[[ Input records, beginning ]]

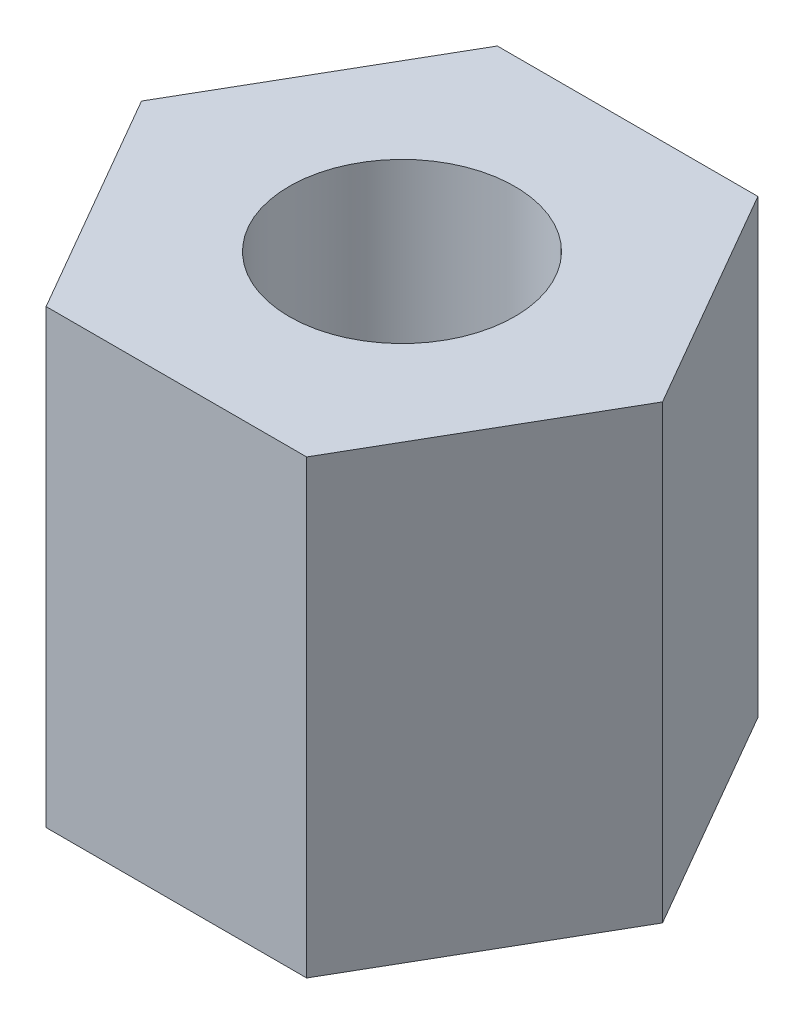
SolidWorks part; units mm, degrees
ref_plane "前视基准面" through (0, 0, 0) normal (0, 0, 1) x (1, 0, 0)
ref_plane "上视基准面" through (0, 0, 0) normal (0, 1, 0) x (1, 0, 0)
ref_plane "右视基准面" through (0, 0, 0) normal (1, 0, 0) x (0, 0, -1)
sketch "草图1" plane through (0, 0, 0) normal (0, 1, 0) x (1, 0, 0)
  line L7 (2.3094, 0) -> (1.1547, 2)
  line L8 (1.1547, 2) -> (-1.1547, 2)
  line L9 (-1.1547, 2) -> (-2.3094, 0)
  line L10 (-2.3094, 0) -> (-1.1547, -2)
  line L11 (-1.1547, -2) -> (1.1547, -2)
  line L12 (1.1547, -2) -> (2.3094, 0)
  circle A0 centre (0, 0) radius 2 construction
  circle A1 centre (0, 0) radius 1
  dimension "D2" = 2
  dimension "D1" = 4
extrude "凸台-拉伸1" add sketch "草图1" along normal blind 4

[[ Input records, end ]]

Task brief — Go through the data above line by line, count those that contain the string "radius", and reply with the count only.

Answer area — 2